Review: Childish Gambino makes himself at home in hip-hop community
With volumes of wit, bounce and flow and a buoyant way around the Shrine Auditorium’s expansive stage, the rapper Childish Gambino and his band rolled through downtown Los Angeles as part of what he dubbed “The Deep Web Tour,” which has consumed much of his spring.
Gambino, known to fans of prime-time comedy as the actor Donald Glover, longtime co-star of the NBC sitcom “Community,” delivered a confident, oft-inspired 90 minutes of tight rhythm and brash displays of lyricism, much of it focused on exploring romance, pop culture and the ways in which digital media are rewiring brains and transforming interactions. Within the first few minutes he’d name-checked writer Kurt Vonnegut, the raucous website WorldStarHipHop.com, singer Elle Varner, director Martin Scorsese and rapper 2 Chainz.
During “Worldstar,” for example, Gambino described with rich turns of phrase a realm in which fame can be achieved through trashy video viralness: “She at Hollywood & Vine thinking she Hollywood on Vine,” he rapped, name-checking a smartphone video application, “Making movies with her friends all the time / Showing off her ass / That’s a ‘net twerk / But I saw through it like a wet shirt.” In the background on the track, the chant of “world star” rumbled.
Those words, “world star,” echoed throughout the concert whenever there was a moment of silence. The crowd, many of them students from neighboring USC, bellowed it like a battle cry.
Performing most of the tracks from his recent record “Because the Internet,” Glover as Gambino offered in his first words a huge question — “Who am I?” — and worked to answer it over the hundreds of lines that followed. He did so in front of a digital backdrop that was rendered as a spacious living room with blazing fireplace, a blueprint, a midnight rainstorm or jagged bolts of lightning.

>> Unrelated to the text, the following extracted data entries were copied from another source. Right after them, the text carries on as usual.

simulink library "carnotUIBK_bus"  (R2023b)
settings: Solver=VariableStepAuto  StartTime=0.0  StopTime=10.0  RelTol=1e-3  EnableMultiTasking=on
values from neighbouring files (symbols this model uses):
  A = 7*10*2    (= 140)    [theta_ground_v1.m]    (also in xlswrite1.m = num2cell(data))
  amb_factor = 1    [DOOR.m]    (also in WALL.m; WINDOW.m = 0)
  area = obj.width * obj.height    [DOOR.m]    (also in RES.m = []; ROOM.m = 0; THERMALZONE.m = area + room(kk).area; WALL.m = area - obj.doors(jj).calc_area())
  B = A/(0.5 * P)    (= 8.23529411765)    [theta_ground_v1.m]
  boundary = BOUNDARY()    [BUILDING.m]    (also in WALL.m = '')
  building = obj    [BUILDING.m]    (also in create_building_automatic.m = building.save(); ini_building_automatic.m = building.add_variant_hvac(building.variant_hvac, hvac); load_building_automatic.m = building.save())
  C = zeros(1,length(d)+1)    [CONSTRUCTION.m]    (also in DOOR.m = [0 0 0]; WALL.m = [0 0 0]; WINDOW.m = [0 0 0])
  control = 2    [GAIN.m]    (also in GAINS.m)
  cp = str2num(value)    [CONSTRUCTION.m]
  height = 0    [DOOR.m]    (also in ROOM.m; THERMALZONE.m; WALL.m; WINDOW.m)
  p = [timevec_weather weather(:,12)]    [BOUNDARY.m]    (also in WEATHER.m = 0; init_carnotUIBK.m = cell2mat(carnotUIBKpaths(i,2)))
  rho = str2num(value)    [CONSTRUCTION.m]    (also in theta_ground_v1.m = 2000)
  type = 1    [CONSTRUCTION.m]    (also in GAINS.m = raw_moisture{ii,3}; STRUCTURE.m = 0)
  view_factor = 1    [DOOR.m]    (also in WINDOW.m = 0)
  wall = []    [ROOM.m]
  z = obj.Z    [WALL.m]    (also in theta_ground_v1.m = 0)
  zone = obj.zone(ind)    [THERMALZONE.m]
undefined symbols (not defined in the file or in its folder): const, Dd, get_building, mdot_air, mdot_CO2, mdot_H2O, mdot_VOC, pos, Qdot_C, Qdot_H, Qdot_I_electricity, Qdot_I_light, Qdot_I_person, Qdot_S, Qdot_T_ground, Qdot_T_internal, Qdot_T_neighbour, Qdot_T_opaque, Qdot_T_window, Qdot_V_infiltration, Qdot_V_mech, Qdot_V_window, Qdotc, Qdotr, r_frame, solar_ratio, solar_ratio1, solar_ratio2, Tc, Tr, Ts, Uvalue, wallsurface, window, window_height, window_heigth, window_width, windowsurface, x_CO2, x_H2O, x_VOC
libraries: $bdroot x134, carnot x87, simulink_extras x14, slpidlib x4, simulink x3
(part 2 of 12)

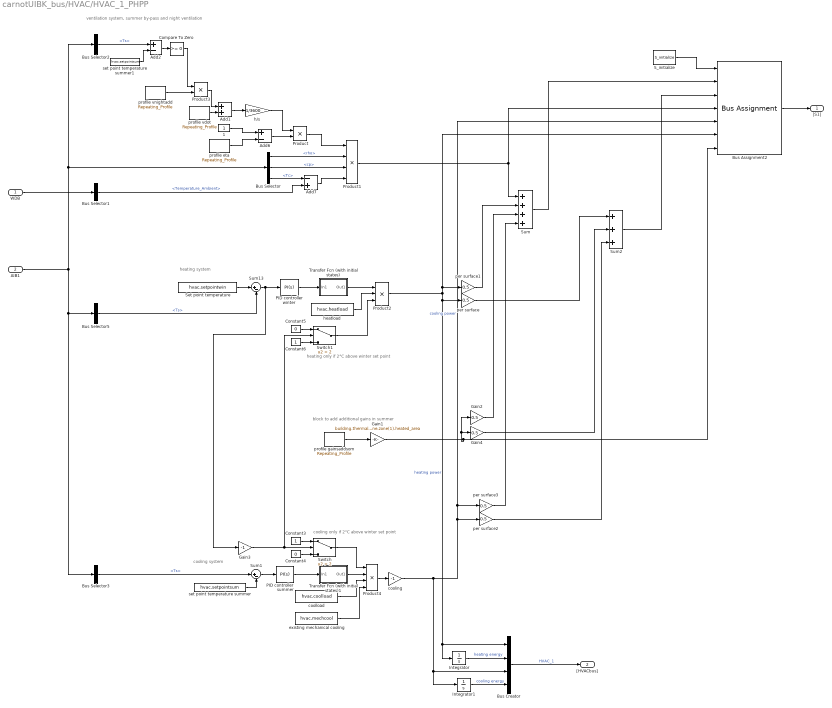
== system carnotUIBK_bus/HVAC/HVAC_1_PHPP ==
  note: cooling only if 2°C above winter set point
  note: block to add additional gains in summer
  note: heating only if 2°C above winter set point
  note: heating system
  note: cooling system
  note: ventilation system, summer by-pass and night ventilation
  WDB : Inport
  AIB1 : Inport  Port=2
  1 : Constant
  Add1 : Sum
  Add2 : Sum  Inputs=+-
  Add6 : Sum  Inputs=+-
  Add7 : Sum  Inputs=-+
  Bus Assignment2 : BusAssignment  AssignedSignals=Qdotc,Qdotr,Qdot_V_mech,Qdot_C,Qdot_H,Qdot_I_person
  Bus Creator : BusCreator  Inputs=4
  Bus Selector : BusSelector  OutputSignals=rho,cp,Tc
  Bus Selector1 : BusSelector  OutputSignals=Temperature_Ambient
  Bus Selector2 : BusSelector  OutputSignals=Ts
  Bus Selector3 : BusSelector  OutputSignals=Ts
  Bus Selector5 : BusSelector  OutputSignals=Ts
  Compare To Zero : simulink/Logic and Bit Operations/Compare To Zero  relop=>=  OutDataTypeStr=boolean
  Constant3 : Constant
  Constant4 : Constant  Value=0
  Constant5 : Constant  Value=0
  Constant6 : Constant
  Gain1 : Gain  Gain=building.thermalzone.zone(1).heated_area  SaturateOnIntegerOverflow=on  OutDataTypeStr=Inherit: Same as input  ParamDataTypeStr=Inherit: Same as input
  Gain2 : Gain  Gain=0.5  SaturateOnIntegerOverflow=on  OutDataTypeStr=Inherit: Same as input  ParamDataTypeStr=Inherit: Same as input
  Gain3 : Gain  Gain=-1  SaturateOnIntegerOverflow=on  OutDataTypeStr=Inherit: Same as input  ParamDataTypeStr=Inherit: Same as input
  Gain4 : Gain  Gain=0.5  SaturateOnIntegerOverflow=on  OutDataTypeStr=Inherit: Same as input  ParamDataTypeStr=Inherit: Same as input
  Integrator : Integrator
  Integrator1 : Integrator
  PID controller summer : slpidlib/PID Controller  Controller=PI  Form=Ideal  TimeDomain=Continuous-time  UseExternalTs=off  SampleTime=-1  IntegratorMethod=Forward Euler  FilterMethod=Forward Euler  ControllerParametersSource=internal  P=hvac.valves.Kp  I=(1/(hvac.valves.Tn*60))  UseKiTs=off  D=0  N=100  UseFilter=on  TunerSelectOption=Transfer Function Based (PID Tuner App)  InitialConditionSource=internal  InitialConditionForIntegrator=0  InitialConditionForFilter=0  DifferentiatorICPrevScaledInput=0  ExternalReset=none  TrackingMode=off  Kt=1  LimitOutput=on  SatLimitsSource=internal  UpperSaturationLimit=hvac.valves.valve_up  LowerSaturationLimit=hvac.valves.valve_low  LinearizeAsGain=off  AntiWindupMode=clamping  Kb=1  LimitIntegrator=off  UpperIntegratorSaturationLimit=inf  LowerIntegratorSaturationLimit=-inf  POutMin=[]  POutMax=[]  IOutMin=[]  IOutMax=[]  DOutMin=[]  DOutMax=[]  NOutMin=[]  NOutMax=[]  SumOutMin=[]  SumOutMax=[]  SaturationOutMin=[]  SaturationOutMax=[]  PParamMin=[]  PParamMax=[]  IParamMin=[]  IParamMax=[]  DParamMin=[]  DParamMax=[]  NParamMin=[]  NParamMax=[]  KbParamMin=[]  KbParamMax=[]  KtParamMin=[]  KtParamMax=[]  KbOutMin=[]  KbOutMax=[]  KtOutMin=[]  KtOutMax=[]  IntegratorOutMin=[]  IntegratorOutMax=[]  FilterOutMin=[]  FilterOutMax=[]  SumI1OutMin=[]  SumI1OutMax=[]  SumI2OutMin=[]  SumI2OutMax=[]  SumI3OutMin=[]  SumI3OutMax=[]  SumI4OutMin=[]  SumI4OutMax=[]  SumDOutMin=[]  SumDOutMax=[]  DifferentiatorOutMin=[]  DifferentiatorOutMax=[]  FilterDiffOutCoefMin=[]  FilterDiffOutCoefMax=[]  ReciprocalOutMin=[]  ReciprocalOutMax=[]  SumDenOutMin=[]  SumDenOutMax=[]  SumNumOutMin=[]  SumNumOutMax=[]  DivideOutMin=[]  DivideOutMax=[]  UdiffTsProdOutMin=[]  UdiffTsProdOutMax=[]  NTsProdOutMin=[]  NTsProdOutMax=[]  UintegralTsProdOutMin=[]  UintegralTsProdOutMax=[]  UngainTsProdOutMin=[]  UngainTsProdOutMax=[]  ClampingZeroOutDataTypeStr=Inherit: Inherit via back propagation  ClampingZeroOutMin=[]  ClampingZeroOutMax=[]  FilterDenConstantOutDataTypeStr=Inherit: Inherit via back propagation  FilterDenConstantOutMin=[]  FilterDenConstantOutMax=[]  PCopyOutDataTypeStr=Inherit: Inherit via back propagation  PCopyOutMin=[]  PCopyOutMax=[]  NCopyOutDataTypeStr=Inherit: Inherit via back propagation  NCopyOutMin=[]  NCopyOutMax=[]  IntegratorContinuousStateAttributes=''  IntegratorStateMustResolveToSignalObject=off  IntegratorRTWStateStorageClass=Auto  FilterContinuousStateAttributes=''  FilterStateMustResolveToSignalObject=off  FilterRTWStateStorageClass=Auto  ParallelPVariant=Passthrough  IdealPVariant=InternalParameters  IVariant=InternalParameters  DVariant=Disabled  IntegratorVariant=Continuous  SatVariant=Enabled  AWVariant=ContClampingIdeal  PCopyVariant=InternalParamsIdeal  TRVariant=Disabled  FdbkBlocksVariant=Forward  IdealPFdbkVariant=Disabled  SatFdbkVariant=Disabled  DerivativeFilterVariant=Disabled  NVariant=Disabled  NCopyVariant=Disabled_SignalSpec  FilterICVariant=Disabled  IntegratorICVariant=InternalICs  ExternalResetVariant=Disabled  TRSumVariant=Passthrough  SumFdbkVariant=Disabled  SumVariant=Sum_PI  TsampFilterVariant=InternalTs  TsampNgainVariant=Passthrough  TsampIntegralVariant=Disabled_SignalSpec  ExternalSaturationOutDataTypeStr=Inherit: Same as second input
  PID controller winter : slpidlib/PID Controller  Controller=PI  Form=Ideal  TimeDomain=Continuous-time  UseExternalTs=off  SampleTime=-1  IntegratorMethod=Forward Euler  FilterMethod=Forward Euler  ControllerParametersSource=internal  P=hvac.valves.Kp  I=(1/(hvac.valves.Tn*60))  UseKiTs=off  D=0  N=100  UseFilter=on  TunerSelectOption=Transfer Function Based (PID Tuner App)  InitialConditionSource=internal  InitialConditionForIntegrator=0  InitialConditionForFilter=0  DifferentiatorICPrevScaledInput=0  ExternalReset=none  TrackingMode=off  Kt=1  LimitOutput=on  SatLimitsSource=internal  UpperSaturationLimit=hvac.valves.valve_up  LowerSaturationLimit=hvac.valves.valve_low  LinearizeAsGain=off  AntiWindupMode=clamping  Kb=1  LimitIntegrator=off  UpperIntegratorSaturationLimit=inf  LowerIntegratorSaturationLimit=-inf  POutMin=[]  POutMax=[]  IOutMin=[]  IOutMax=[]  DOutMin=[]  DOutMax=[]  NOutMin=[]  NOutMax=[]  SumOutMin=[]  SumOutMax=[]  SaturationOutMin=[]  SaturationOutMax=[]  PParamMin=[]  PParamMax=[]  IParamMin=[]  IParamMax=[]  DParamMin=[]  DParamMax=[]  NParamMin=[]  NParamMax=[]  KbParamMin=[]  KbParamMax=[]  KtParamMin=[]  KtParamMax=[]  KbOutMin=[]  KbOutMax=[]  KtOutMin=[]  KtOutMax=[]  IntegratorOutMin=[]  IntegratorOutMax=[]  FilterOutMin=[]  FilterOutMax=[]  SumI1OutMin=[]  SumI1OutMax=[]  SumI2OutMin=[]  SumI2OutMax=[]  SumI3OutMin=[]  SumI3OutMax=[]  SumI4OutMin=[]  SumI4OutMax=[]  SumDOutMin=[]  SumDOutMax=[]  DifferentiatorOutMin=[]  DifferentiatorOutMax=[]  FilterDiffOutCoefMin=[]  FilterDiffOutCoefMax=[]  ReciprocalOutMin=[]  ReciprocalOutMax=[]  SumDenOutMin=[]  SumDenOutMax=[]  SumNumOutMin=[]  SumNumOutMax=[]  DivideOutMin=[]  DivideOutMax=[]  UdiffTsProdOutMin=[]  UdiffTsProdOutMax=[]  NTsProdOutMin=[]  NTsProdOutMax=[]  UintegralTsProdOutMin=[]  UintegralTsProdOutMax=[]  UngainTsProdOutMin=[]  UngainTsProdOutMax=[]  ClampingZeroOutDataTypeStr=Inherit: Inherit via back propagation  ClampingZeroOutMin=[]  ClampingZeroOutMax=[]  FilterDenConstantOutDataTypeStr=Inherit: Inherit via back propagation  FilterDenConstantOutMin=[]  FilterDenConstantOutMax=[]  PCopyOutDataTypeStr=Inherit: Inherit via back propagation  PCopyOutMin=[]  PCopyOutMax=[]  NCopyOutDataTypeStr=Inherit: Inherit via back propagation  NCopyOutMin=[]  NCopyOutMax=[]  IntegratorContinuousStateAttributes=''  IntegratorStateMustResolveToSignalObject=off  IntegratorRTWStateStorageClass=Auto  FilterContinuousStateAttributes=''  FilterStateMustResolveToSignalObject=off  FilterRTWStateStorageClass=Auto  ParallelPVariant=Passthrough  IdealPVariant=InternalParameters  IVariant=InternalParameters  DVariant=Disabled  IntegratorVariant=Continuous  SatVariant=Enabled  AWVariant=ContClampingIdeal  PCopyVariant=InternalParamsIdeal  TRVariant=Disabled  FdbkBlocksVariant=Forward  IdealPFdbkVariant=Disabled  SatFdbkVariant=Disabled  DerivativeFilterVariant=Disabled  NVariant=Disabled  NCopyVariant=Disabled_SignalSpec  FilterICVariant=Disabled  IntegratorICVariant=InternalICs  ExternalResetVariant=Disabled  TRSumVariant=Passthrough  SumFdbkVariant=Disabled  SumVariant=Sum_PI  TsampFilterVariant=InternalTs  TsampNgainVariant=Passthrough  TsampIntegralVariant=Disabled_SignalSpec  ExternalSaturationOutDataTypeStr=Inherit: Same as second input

Glover’s had to work to define himself as a musician, and he still hasn’t earned the full respect of the oft-elitist rap tastemakers who regard street-cred above all else, skill and style be damned. Achieving a level of fame first as a comedian and actor seldom allows for crossover into singing and rhyming, but there is precedent. Platinum superstar Drake first gained success on a Canadian kids’ show. (Less successful have been Joe Piscopo and Joaquin Phoenix.)
But Glover’s been doing both the whole time, releasing a series of mixed tapes, singles and albums and appearing on tracks with artists including Beck, Chance the Rapper, Azealia Banks, Leona Lewis, Gucci Mane and others going back as far as 2008. The artist is now as quick-versed and assured when rhyming as he is when playing his “Community” character Troy Barnes, a LaVar Burton-obsessed jock turned zany geek.
Glover as Gambino on Saturday documented his life in Los Angeles, his romances, his obsessions through lines and stanzas that somersaulted with inspiration. During the fantastic jam “The Party,” he celebrated an impending night with gleeful anticipation, predicting through lyrics debauched hours of weed, women, cocaine, music, vodka and joy. As he did so, a group of revelers gradually gathered onstage to act out the scene, planting themselves on couches and lingering in groups behind him. But just as the party got kicking and Gambino started celebrating, he stopped the music and the Shrine went quiet.
In silence, he screamed with feigned outrage: “I ain’t invite all these people to my ... house! Get ... out of my house!” Boom. Party over — except for a few stragglers (as is often the case) who remained on the sofas to chill and watch the rest of the concert.
On “Telegraph Avenue” the rapper and singer, who’s got a strong if not perfectly pitched tenor that gets weaker when he works the falsetto, sang of a long-distance affair with an Oakland lover as he guided the steering wheel: “With my hands on two and 10 / So I guess it all depends on Oakland, on Oakland / And I’m nervous, truth be told / I never saw me growing old in Oakland, in Oakland.”
Through it all, Glover proved himself worthy of admiration not just as an entertainer but as a craftsman, one with a solid way with phrasing earned through sweat and practice. The two disciplines, acting and rapping, both involve being consumed by personas and manifesting lines, and the artist made the most of this duality: He cracked his voice with emotion on command, moved double- and triple-time through beats with brash skills.
He concluded the set with some of his earlier material, the best of which, “Freaks and Geeks,” rejoiced in ridiculous wordplay, including the bawdiest reference to E.E. Cummings in the history of hip-hop.
Versatility can be a double-edged sword. Show too much of it, and you’re perceived as a generalist, a scatterbrain unable or unwilling to singularly obsess to the point of perfection. There’s danger too in being seen as greedy or egocentric, a showoff eager to tap dance while juggling and singing. But at the Shrine, Glover proved himself versatile in the best way possible: one gunning to explore the full extent of his creativity, be it as an actor, musician, lyricist, comedian or writer.
Or, as the masses accurately chanted: “World star ... world star ... world star.”